Amici e parenti avevano sempre detto che Enzo era il figlio che le assomigliava di più. Enzo non capiva perché, dato che in se stesso vedeva solo la stazza e le mani del padre, ma da quando era tornato a vivere lì cominciava a vederla in ogni abitudine che credeva propria. La vedeva quando erano seduti a tavola e mangiavano in silenzio. Quando erano super d'accordo sul film da vedere in TV alla sera. Quando sua madre cercava le parole e balbettava.

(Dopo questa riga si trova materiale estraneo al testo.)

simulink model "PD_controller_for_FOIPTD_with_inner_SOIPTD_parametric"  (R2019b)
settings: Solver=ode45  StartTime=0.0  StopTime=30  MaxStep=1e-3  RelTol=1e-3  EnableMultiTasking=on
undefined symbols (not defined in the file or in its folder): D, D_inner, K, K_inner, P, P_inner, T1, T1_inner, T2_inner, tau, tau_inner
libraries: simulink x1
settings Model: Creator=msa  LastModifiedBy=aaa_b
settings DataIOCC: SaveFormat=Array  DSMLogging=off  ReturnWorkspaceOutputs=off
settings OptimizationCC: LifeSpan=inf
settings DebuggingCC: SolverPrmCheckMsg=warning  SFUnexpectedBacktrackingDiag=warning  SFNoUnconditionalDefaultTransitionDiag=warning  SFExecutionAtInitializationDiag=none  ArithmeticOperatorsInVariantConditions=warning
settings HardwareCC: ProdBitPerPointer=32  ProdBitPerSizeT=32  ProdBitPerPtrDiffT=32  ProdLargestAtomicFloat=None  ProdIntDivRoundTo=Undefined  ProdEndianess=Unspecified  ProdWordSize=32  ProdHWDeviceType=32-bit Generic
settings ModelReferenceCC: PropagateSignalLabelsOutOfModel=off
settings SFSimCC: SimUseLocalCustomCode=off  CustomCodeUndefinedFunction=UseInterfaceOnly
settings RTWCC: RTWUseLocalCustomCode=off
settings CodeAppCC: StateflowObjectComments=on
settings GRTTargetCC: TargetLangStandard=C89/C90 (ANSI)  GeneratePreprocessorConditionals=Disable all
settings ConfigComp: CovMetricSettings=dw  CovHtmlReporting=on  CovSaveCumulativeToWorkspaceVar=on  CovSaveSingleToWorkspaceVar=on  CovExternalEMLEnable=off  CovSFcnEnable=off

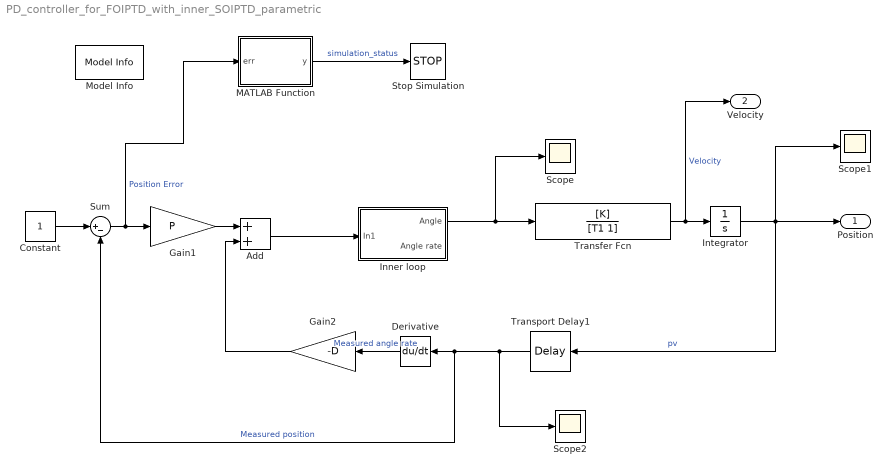
== system PD_controller_for_FOIPTD_with_inner_SOIPTD_parametric ==
  Add : Sum
  Constant : Constant
  Derivative : Derivative
  Gain1 : Gain  Gain=P
  Gain2 : Gain  Gain=-D
  "Inner loop " : Subsystem
  Integrator : Integrator
  MATLAB Function : MATLAB Function  TreatAsAtomicUnit=on
  Model Info : simulink/Model-Wide Utilities/Model Info  Frame=on  DisplayStringWithTags=Model Info How should we take sensors reading WITHOUT delay  HorizontalTextAlignment=Center  LeftAlignmentValue=0.5
  Scope : Scope
  Scope1 : Scope
  Scope2 : Scope
  Stop Simulation : Stop
  Sum : Sum  Inputs=|+-
  Transfer Fcn : TransferFcn  Numerator=[K]  Denominator=[T1 1]
  Transport Delay1 : TransportDelay  DelayTime=tau
  "Position " : Outport
  "Velocity " : Outport  Port=2
  wires:
  MATLAB Function/1(y) -> Stop Simulation/1  "simulation_status"
  "Inner loop "/1("Angle ") -> Scope/1, Transfer Fcn/1
  Gain2/1 -> Add/2
  Gain1/1 -> Add/1
  Constant/1 -> Sum/1
  Sum/1 -> MATLAB Function/1(err), Gain1/1  "Position Error"
  Transport Delay1/1 -> Scope2/1, Sum/2, Derivative/1  "Measured position"
  Integrator/1 -> Scope1/1, "Position "/1, Transport Delay1/1  "pv"
  Derivative/1 -> Gain2/1  "Measured angle rate"
  Transfer Fcn/1 -> "Velocity "/1, Integrator/1  "Velocity"
  Add/1 -> "Inner loop "/1(In1)

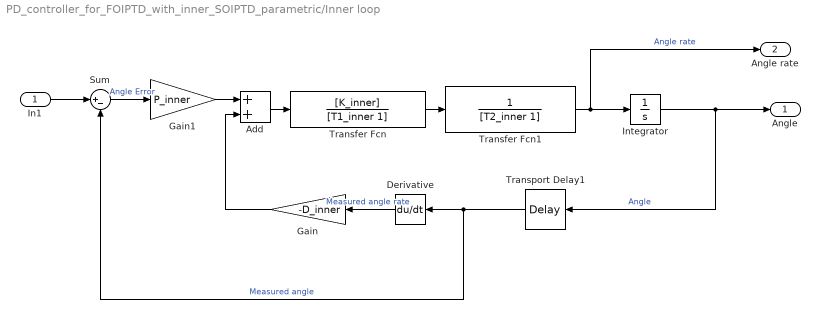
== system PD_controller_for_FOIPTD_with_inner_SOIPTD_parametric/Inner loop  ==
  In1 : Inport
  Add : Sum
  Derivative : Derivative
  Gain : Gain  Gain=-D_inner
  Gain1 : Gain  Gain=P_inner
  Integrator : Integrator
  Sum : Sum  Inputs=|+-
  Transfer Fcn : TransferFcn  Numerator=[K_inner]  Denominator=[T1_inner 1]
  Transfer Fcn1 : TransferFcn  Denominator=[T2_inner 1]
  Transport Delay1 : TransportDelay  DelayTime=tau_inner
  "Angle " : Outport
  "Angle rate " : Outport  Port=2
  wires:
  Sum/1 -> Gain1/1  "Angle Error"
  Transport Delay1/1 -> Sum/2, Derivative/1  "Measured angle"
  Transfer Fcn1/1 -> "Angle rate "/1, Integrator/1  "Angle rate"
  In1/1 -> Sum/1
  Transfer Fcn/1 -> Transfer Fcn1/1
  Gain1/1 -> Add/1
  Derivative/1 -> Gain/1  "Measured angle rate"
  Add/1 -> Transfer Fcn/1
  Gain/1 -> Add/2
  Integrator/1 -> Transport Delay1/1, "Angle "/1  "Angle"

== matlab function PD_controller_for_FOIPTD_with_inner_SOIPTD_parametric/MATLAB Function ==
  data: err input; y output
function y = fcn(err)
if (abs(err)>1000)
    y=1;
else
    y=0;
end

Enzo cenò con lei. Sparecchiò con lei. Lavò i piatti con lei. Sua madre insaponava e sciacquava, lui asciugava e metteva via. Avevano quasi finito, quando lei iniziò a fare conversazione.

«Come è andata oggi?»

«Bene. Ho visto tre appartamenti.»

«Intendevo con Catia.»

Enzo sospirò. Asciugò un paio di forchette e le ripose in un cassetto.

«Doveva solo darmi il cuscino, ma. Nulla di più.»

«Non le hai detto niente? Non ne hai approfittato per parlare?»

«Cosa c'era da dire?»

La domanda di Enzo era retorica, ma non per sua madre. Sapendo benissimo cosa avrebbe detto lei se fosse stata al posto del figlio, finì di lavare l'ultimo pentolone rimasto nel lavandino e si girò verso Enzo.

«Non puoi arrenderti così. Devi impegnarti di più, se vuoi tornare insieme a lei.»

«Non devo fare proprio nulla, mamma. Mi ha lasciato per un altro. Io devo solo rispettare la sua scelta e andare avanti.»

«No che non devi. Cioè, sì, ma voi due siete sposati. Non sei un fidanzato qualunque che può prendere e mollare, sei suo marito.»

«Questo non cambia le cose.»

Sua madre fece un gesto esasperato. Tolse dalle mani di Enzo la pentola che stava asciugando e gli disse di togliere il grembiule. Enzo protestò, disse che voleva finire lì, ma lei non accettò scuse. Andò a sedersi sulla poltrona del salotto, la poltrona che un tempo era stato il trono di suo marito, ed indicò il divano finché Enzo non ci si accomodò, anche se di malavoglia.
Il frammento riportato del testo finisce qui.